Bronyart and Provost Allison Pease described program elements that drive results: intrusive, personalized advisement; tuition support for acceleration courses (summer/winter); textbook stipends and OmniCards; case‑management; and a focus on early warning and re‑engagement for students near completion. Pease highlighted John Jay’s CUSP (Completion of Upper Division Students) intervention, which used machine‑learning to identify at‑risk seniors and increased graduation from 54 percent to 86 percent in its first year.

Witnesses also discussed practical constraints. Dinowitz and CUNY staff explored why some internships are not credit‑bearing and emphasized that ASAP requires continuous full‑time enrollment, so students who drop to part time (often for work or unpaid internships) become ineligible. Jeff Rodis, CUNY vice chancellor for government affairs, emphasized the importance of paid internships: “You gotta pay them,” he said, adding that unpaid internships limit student access.

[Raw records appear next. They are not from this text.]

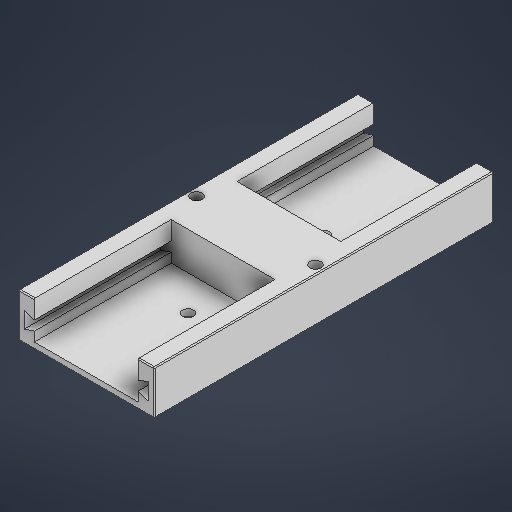
# Autodesk Inventor part: centralBodyThick
Saved by Autodesk Inventor 2026 (Build 300175000, 175)
## iProperties
Created: 2025-04-15
Part Number: centralBodyThick
Material: Generic
Document SubType Name: Modeling
Designer: Elizabeth
Density: 1 g/cm^3
Appearance: Default
Author: Elizabeth
Autodesk Inventor part; units mm, degrees
ref_plane "YZ Plane" through (0, 0, 0) normal (1, 0, 0) x (0, 1, 0)
ref_plane "XZ Plane" through (0, 0, 0) normal (0, 1, 0) x (-1, 0, 0)
ref_plane "XY Plane" through (0, 0, 0) normal (0, 0, 1) x (1, 0, 0)
sketch "Sketch1" plane through (0, 0, 0) normal (0, 0, 1) x (1, 0, 0)
  line L0 (0, 0) -> (40, 0)
  line L1 (40, 0) -> (40, 13)
  line L2 (40, 13) -> (0, 13)
  line L3 (0, 13) -> (0, 0)
  dimension "d0" = 40
  dimension "d1" = 13
  constraints: 8 end point, 2 parallel, 1 horizontal, 1 perpendicular
  measures "d0" distance of L2.end L1.end
  measures "d1" distance of L1.end L0.end
extrude "Extrusion1" add sketch "Sketch1" against normal blind 100
sketch "Sketch2" plane through (0, 0, 0) normal (0, 0, 1) x (1, 0, 0)
  line L0 (4.7, 1.898) -> (35.3, 1.898)
  line L1 (38.3, 8.5152) -> (38.3, 3.6828)
  line L2 (1.7, 8.5152) -> (1.7, 3.6828)
  line L3 (35.3, 7.5152) -> (38.3, 8.5152)
  line L4 (35.3, 7.5152) -> (35.3, 13)
  line L5 (35.3, 1.898) -> (35.3, 4.6828)
  line L6 (38.3, 3.6828) -> (35.3, 4.6828)
  line L7 (4.7, 7.5152) -> (1.7, 8.5152)
  line L8 (4.7, 13) -> (4.7, 7.5152)
  line L9 (4.7, 4.6828) -> (4.7, 1.898)
  line L10 (1.7, 3.6828) -> (4.7, 4.6828)
  line L11 (4.7, 13) -> (35.3, 13)
  point P0 (0, 13)
  point P1 (40, 13)
  constraints: 24 end point, 4 parallel, 2 point on line
extrude "Extrusion2" cut sketch "Sketch2" against normal blind 40.3
sketch "Sketch3" plane through (0, 0, -100) normal (0, 0, -1) x (-1, 0, 0)
  line L0 (-35.3, 1.898) -> (-4.7, 1.898)
  line L1 (-1.7, 8.5152) -> (-1.7, 3.6828)
  line L2 (-38.3, 8.5152) -> (-38.3, 3.6828)
  line L3 (-4.7, 7.5152) -> (-1.7, 8.5152)
  line L4 (-4.7, 7.5152) -> (-4.7, 13)
  line L5 (-4.7, 1.898) -> (-4.7, 4.6828)
  line L6 (-1.7, 3.6828) -> (-4.7, 4.6828)
  line L7 (-35.3, 7.5152) -> (-38.3, 8.5152)
  line L8 (-35.3, 13) -> (-35.3, 7.5152)
  line L9 (-35.3, 4.6828) -> (-35.3, 1.898)
  line L10 (-38.3, 3.6828) -> (-35.3, 4.6828)
  line L11 (-35.3, 13) -> (-4.7, 13)
  point P0 (-40, 13)
  point P1 (0, 13)
  constraints: 24 end point, 4 parallel, 2 point on line
extrude "Extrusion3" cut sketch "Sketch3" against normal blind 40.3
sketch "Sketch5" plane through (4.7, 1.898, 0) normal (0, 1, 0) x (1, 0, 0)
  circle A0 centre (15.3, 30) radius 1.65
  line L0 (35.3, 0) -> (35.3, 100) projected
  circle A1 centre (15.3, 70) radius 1.65
  point P0 (-4.7, 0)
  constraints: 2 centre point
extrude "Extrusion5" cut sketch "Sketch5" against normal blind 5
fillet "Fillet1" radius 0.3 14 edges at (2.35, 13, -100) (37.65, 13, -100) (0, 6.5, -100) (0, 13, -50) (0, 0, -50) (20, 0, -100) (40, 6.5, -100) (0, 6.5, 0) (40, 13, -50) (40, 0, -50) (20, 0, 0) (40, 6.5, 0) (2.35, 13, 0) (37.65, 13, 0)
sketch "Sketch6" plane through (4.7, 13, -40.3) normal (0, 1, 0) x (1, 0, 0)
  line L0 (-4.4, -40) -> (-4.4, 59.4) projected
  line L1 (-4.7, 59.4) -> (-4.7, -40) projected
  line L2 (35.3, -40) -> (35.3, 59.4) projected
  circle A0 centre (32.8, 9.7) radius 1.65
  circle A1 centre (-2.2, 9.7) radius 1.65
  point P0 (-4.7, -40.3)
  dimension "d29" = 3.3
  dimension "d30" = 3.3
  constraints: 2 centre point
  measures "d29" diameter of A0
  measures "d30" diameter of A1
extrude "Extrusion6" cut sketch "Sketch6" against normal blind 10
body "Solid1"

Funding and scaling requests: CUNY said ACE currently reaches only a small share of eligible students (about 3 percent) and asked for baseline state and city support to increase capacity. Bronyart cited philanthropic replication funding ($35 million) and a recent $8 million state allocation for ACE this fiscal year, and asked the council to consider OmniCard expansion and baseline ACE funding to produce larger systemwide gains.

Committee response and next steps: Councilmembers expressed support for expanding programs that demonstrably boost completion and asked CUNY to prepare detailed budget requests and program scale plans for the next budget cycle. CUNY agreed to provide more disaggregated data and a budget ask.

Why it matters: CUNY serves hundreds of thousands of students across community and senior colleges; scaling proven supports could raise on‑time completion for low‑income and first‑generation students and reduce long‑term opportunity costs to both graduates and taxpayers.

What remains unresolved: Committee members asked for fuller documentation of ROI calculations, exact costs to scale ACE systemwide, and precise enrollment ceilings tied to baseline funding.